▶ WHAT TO WORK ON
Would you transcribe each of the entries exactly, with nothing added or dropped?

▶ Stored items from a collection
◇ ◇ ◇ ◇
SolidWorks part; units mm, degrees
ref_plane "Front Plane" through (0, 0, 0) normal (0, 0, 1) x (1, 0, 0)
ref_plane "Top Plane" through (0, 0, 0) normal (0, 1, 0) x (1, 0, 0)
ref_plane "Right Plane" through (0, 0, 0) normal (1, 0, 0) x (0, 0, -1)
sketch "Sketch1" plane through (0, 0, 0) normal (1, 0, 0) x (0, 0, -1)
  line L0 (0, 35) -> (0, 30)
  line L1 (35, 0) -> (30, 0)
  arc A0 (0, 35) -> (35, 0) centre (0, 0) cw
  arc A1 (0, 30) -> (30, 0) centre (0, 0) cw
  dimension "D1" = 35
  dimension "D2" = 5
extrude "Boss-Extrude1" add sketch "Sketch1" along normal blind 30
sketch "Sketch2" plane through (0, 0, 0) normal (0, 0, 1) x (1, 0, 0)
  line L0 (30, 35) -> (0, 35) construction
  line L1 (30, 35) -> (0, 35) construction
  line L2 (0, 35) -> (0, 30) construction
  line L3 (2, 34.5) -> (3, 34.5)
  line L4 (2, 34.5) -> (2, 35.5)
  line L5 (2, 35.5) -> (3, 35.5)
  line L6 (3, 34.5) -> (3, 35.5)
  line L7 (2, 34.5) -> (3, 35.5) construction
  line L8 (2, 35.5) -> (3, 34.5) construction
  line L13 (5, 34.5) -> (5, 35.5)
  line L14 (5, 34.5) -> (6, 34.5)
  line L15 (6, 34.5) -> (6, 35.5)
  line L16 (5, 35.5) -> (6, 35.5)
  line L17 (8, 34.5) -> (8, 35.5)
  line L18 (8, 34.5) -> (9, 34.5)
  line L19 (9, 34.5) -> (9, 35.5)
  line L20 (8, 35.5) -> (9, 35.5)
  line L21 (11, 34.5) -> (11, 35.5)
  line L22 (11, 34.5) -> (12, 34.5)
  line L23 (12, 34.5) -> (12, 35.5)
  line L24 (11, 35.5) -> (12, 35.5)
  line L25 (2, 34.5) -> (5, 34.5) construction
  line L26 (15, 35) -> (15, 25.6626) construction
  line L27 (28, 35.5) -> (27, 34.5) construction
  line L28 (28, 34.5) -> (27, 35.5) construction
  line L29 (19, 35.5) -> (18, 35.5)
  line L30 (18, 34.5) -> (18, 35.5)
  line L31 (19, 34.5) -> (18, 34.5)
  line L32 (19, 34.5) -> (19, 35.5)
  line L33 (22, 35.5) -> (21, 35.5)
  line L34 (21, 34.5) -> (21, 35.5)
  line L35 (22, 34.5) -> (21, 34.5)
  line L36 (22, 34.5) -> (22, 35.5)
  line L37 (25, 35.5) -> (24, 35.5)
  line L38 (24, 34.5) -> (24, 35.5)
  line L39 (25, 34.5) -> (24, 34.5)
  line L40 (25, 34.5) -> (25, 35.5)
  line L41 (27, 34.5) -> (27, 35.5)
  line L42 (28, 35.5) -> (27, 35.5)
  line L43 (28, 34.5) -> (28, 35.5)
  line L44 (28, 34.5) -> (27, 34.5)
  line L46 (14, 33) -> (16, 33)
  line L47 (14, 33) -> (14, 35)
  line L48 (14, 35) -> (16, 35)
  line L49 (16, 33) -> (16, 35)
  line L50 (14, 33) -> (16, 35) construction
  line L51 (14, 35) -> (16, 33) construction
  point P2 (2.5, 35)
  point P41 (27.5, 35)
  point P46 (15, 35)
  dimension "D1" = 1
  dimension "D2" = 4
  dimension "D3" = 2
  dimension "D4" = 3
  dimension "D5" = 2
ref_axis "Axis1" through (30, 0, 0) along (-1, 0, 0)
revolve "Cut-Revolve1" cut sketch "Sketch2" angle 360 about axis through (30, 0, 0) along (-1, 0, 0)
◇ ◇ ◇ ◇
▶ EXERCISE SOLUTION
SolidWorks part; units mm, degrees
ref_plane "Front Plane" through (0, 0, 0) normal (0, 0, 1) x (1, 0, 0)
ref_plane "Top Plane" through (0, 0, 0) normal (0, 1, 0) x (1, 0, 0)
ref_plane "Right Plane" through (0, 0, 0) normal (1, 0, 0) x (0, 0, -1)
sketch "Sketch1" plane through (0, 0, 0) normal (1, 0, 0) x (0, 0, -1)
  line L0 (0, 35) -> (0, 30)
  line L1 (35, 0) -> (30, 0)
  arc A0 (0, 35) -> (35, 0) centre (0, 0) cw
  arc A1 (0, 30) -> (30, 0) centre (0, 0) cw
  dimension "D1" = 35
  dimension "D2" = 5
extrude "Boss-Extrude1" add sketch "Sketch1" along normal blind 30
sketch "Sketch2" plane through (0, 0, 0) normal (0, 0, 1) x (1, 0, 0)
  line L0 (30, 35) -> (0, 35) construction
  line L1 (30, 35) -> (0, 35) construction
  line L2 (0, 35) -> (0, 30) construction
  line L3 (2, 34.5) -> (3, 34.5)
  line L4 (2, 34.5) -> (2, 35.5)
  line L5 (2, 35.5) -> (3, 35.5)
  line L6 (3, 34.5) -> (3, 35.5)
  line L7 (2, 34.5) -> (3, 35.5) construction
  line L8 (2, 35.5) -> (3, 34.5) construction
  line L13 (5, 34.5) -> (5, 35.5)
  line L14 (5, 34.5) -> (6, 34.5)
  line L15 (6, 34.5) -> (6, 35.5)
  line L16 (5, 35.5) -> (6, 35.5)
  line L17 (8, 34.5) -> (8, 35.5)
  line L18 (8, 34.5) -> (9, 34.5)
  line L19 (9, 34.5) -> (9, 35.5)
  line L20 (8, 35.5) -> (9, 35.5)
  line L21 (11, 34.5) -> (11, 35.5)
  line L22 (11, 34.5) -> (12, 34.5)
  line L23 (12, 34.5) -> (12, 35.5)
  line L24 (11, 35.5) -> (12, 35.5)
  line L25 (2, 34.5) -> (5, 34.5) construction
  line L26 (15, 35) -> (15, 25.6626) construction
  line L27 (28, 35.5) -> (27, 34.5) construction
  line L28 (28, 34.5) -> (27, 35.5) construction
  line L29 (19, 35.5) -> (18, 35.5)
  line L30 (18, 34.5) -> (18, 35.5)
  line L31 (19, 34.5) -> (18, 34.5)
  line L32 (19, 34.5) -> (19, 35.5)
  line L33 (22, 35.5) -> (21, 35.5)
  line L34 (21, 34.5) -> (21, 35.5)
  line L35 (22, 34.5) -> (21, 34.5)
  line L36 (22, 34.5) -> (22, 35.5)
  line L37 (25, 35.5) -> (24, 35.5)
  line L38 (24, 34.5) -> (24, 35.5)
  line L39 (25, 34.5) -> (24, 34.5)
  line L40 (25, 34.5) -> (25, 35.5)
  line L41 (27, 34.5) -> (27, 35.5)
  line L42 (28, 35.5) -> (27, 35.5)
  line L43 (28, 34.5) -> (28, 35.5)
  line L44 (28, 34.5) -> (27, 34.5)
  line L46 (14, 33) -> (16, 33)
  line L47 (14, 33) -> (14, 35)
  line L48 (14, 35) -> (16, 35)
  line L49 (16, 33) -> (16, 35)
  line L50 (14, 33) -> (16, 35) construction
  line L51 (14, 35) -> (16, 33) construction
  point P2 (2.5, 35)
  point P41 (27.5, 35)
  point P46 (15, 35)
  dimension "D1" = 1
  dimension "D2" = 4
  dimension "D3" = 2
  dimension "D4" = 3
  dimension "D5" = 2
ref_axis "Axis1" through (30, 0, 0) along (-1, 0, 0)
revolve "Cut-Revolve1" cut sketch "Sketch2" angle 360 about axis through (30, 0, 0) along (-1, 0, 0)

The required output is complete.